The response should contain only those lines of the entries below that include the string "units".

Saved entries
- - - - - - -
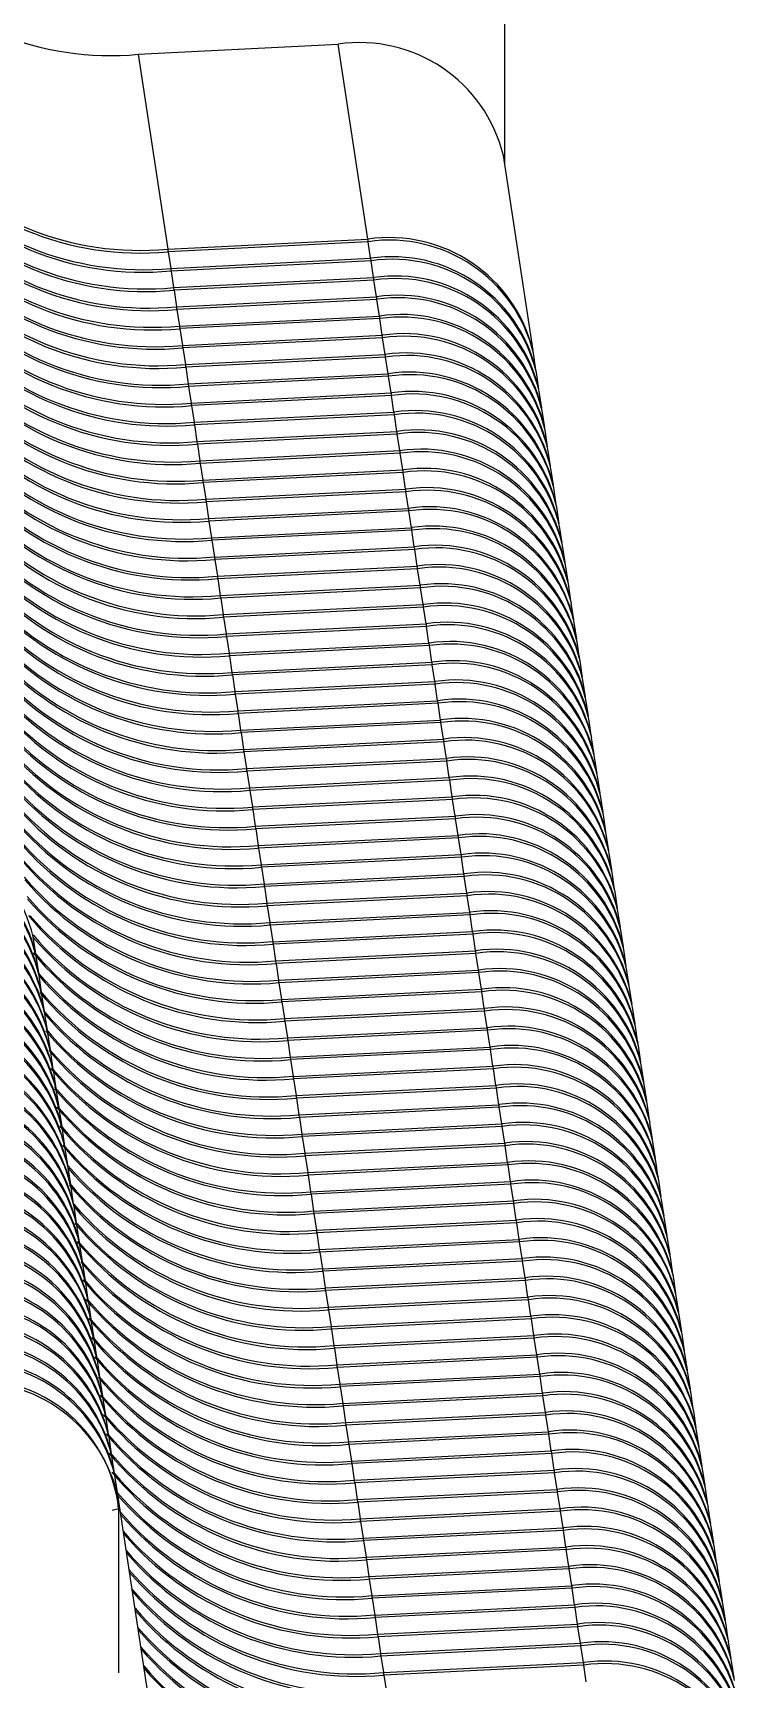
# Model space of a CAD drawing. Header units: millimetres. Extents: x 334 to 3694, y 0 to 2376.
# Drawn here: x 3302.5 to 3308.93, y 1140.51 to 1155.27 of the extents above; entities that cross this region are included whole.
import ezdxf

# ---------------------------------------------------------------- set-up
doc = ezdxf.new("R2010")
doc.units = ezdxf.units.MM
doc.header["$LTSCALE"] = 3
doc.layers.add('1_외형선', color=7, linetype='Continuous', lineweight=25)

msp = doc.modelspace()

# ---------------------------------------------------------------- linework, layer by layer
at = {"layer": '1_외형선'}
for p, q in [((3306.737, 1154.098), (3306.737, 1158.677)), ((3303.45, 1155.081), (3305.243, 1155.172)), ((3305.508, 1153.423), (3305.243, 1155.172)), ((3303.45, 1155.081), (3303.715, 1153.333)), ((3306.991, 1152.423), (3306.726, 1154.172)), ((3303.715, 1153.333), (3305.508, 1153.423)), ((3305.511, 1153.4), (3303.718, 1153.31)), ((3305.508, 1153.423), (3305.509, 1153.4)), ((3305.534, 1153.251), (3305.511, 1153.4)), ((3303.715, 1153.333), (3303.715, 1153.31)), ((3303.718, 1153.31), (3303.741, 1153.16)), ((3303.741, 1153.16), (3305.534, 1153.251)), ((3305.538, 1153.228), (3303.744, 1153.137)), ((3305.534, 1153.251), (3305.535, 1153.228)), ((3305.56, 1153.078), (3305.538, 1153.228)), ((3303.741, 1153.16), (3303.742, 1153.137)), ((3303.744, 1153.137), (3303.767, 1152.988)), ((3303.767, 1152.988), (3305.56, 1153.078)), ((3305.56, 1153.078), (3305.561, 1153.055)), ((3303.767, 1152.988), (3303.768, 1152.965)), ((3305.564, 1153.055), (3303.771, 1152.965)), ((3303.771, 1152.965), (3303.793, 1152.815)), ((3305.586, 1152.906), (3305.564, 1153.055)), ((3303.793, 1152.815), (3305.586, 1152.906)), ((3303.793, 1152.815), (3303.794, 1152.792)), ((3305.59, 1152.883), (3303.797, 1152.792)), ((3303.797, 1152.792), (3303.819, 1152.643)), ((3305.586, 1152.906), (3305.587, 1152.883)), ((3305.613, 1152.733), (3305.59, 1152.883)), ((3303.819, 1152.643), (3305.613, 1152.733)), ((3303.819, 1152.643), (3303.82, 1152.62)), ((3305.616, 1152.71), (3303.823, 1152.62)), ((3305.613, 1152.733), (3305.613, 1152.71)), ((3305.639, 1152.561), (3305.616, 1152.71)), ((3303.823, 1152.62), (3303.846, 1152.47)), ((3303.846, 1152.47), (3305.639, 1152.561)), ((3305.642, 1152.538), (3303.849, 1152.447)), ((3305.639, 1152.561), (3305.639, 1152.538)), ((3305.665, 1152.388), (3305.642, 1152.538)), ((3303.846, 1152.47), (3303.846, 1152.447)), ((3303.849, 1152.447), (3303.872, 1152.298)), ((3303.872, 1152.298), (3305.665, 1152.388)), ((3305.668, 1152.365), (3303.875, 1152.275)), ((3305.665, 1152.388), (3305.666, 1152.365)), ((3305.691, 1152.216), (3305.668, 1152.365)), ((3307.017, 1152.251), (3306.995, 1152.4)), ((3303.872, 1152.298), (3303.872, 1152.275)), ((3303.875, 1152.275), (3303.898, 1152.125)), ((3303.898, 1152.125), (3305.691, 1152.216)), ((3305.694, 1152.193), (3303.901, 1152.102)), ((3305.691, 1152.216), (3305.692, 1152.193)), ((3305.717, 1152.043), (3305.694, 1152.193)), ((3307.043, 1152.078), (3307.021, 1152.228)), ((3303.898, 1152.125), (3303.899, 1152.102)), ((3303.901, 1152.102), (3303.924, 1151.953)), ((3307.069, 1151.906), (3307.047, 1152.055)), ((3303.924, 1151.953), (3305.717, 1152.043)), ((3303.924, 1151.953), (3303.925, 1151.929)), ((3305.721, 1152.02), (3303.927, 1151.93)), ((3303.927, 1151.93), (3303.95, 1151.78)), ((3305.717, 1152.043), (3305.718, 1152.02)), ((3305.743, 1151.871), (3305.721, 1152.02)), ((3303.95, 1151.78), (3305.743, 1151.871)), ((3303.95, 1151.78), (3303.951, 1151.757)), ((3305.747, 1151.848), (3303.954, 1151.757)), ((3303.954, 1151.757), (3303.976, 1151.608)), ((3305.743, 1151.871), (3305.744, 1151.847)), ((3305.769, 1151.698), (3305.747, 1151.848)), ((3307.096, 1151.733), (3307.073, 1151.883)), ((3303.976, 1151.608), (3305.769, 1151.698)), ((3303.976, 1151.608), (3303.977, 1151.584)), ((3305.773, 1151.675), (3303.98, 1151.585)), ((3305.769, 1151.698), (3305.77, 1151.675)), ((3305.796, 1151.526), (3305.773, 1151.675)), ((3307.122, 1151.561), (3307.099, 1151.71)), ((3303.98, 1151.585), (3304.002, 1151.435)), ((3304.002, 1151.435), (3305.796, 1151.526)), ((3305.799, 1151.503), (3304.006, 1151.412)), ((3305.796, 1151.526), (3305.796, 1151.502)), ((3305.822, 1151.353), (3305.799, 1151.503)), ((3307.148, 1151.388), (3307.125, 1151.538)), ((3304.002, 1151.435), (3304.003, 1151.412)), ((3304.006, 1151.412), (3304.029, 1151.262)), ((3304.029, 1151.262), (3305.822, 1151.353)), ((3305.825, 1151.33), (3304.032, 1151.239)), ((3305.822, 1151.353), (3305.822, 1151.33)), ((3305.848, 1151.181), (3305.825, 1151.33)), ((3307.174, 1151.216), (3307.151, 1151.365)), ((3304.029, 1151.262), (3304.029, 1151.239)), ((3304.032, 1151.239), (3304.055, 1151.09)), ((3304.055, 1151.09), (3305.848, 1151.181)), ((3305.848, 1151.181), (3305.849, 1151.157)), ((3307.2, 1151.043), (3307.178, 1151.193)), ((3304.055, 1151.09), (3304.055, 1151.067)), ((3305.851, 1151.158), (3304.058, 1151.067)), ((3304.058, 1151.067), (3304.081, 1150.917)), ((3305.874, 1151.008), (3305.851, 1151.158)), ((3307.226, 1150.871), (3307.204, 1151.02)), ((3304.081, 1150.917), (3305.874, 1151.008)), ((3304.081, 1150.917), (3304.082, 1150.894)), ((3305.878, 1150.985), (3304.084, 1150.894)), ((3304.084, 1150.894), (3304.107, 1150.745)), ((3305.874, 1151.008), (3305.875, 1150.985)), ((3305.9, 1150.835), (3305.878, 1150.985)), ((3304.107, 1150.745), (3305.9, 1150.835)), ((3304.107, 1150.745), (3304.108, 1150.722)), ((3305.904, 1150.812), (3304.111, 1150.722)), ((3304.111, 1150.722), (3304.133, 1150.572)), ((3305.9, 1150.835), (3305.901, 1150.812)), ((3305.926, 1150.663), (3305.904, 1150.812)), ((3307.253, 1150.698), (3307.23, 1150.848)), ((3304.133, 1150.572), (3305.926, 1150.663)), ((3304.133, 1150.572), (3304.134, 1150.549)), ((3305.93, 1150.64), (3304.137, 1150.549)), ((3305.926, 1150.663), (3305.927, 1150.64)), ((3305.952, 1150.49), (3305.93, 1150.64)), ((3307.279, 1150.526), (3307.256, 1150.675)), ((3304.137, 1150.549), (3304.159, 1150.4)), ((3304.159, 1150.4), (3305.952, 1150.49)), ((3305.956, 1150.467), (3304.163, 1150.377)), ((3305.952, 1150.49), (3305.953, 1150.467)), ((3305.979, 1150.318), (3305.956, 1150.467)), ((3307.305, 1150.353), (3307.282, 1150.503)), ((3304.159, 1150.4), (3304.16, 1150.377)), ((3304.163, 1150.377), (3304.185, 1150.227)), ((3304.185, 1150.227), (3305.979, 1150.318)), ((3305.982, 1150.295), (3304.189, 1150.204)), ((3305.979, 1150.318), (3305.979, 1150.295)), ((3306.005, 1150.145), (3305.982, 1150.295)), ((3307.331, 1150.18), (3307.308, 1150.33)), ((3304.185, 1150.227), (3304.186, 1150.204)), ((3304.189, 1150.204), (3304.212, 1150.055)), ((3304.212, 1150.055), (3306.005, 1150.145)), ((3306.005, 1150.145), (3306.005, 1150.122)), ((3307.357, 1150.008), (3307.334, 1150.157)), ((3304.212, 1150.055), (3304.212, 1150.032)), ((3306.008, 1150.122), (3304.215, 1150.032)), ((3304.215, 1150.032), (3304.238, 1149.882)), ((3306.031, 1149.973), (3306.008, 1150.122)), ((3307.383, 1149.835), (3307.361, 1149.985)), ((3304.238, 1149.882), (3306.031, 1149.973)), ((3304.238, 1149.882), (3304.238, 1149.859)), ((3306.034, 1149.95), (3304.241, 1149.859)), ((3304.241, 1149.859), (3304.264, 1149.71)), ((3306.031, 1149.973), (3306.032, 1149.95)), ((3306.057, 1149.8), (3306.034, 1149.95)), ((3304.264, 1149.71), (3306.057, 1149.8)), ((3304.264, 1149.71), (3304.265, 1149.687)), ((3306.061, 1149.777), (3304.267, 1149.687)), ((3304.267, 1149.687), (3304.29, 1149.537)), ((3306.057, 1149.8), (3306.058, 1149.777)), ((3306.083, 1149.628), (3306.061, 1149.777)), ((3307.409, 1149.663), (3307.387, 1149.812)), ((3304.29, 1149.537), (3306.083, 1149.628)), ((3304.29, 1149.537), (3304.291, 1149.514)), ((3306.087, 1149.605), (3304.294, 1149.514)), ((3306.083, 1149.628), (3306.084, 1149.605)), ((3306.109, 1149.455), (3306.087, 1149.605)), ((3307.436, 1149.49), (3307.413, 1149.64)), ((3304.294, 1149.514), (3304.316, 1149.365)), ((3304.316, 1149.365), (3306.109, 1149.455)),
- - - - - - -
### [SOLUTION TO THIS PROBLEM]
# Model space of a CAD drawing. Header units: millimetres. Extents: x 334 to 3694, y 0 to 2376.
doc.units = ezdxf.units.MM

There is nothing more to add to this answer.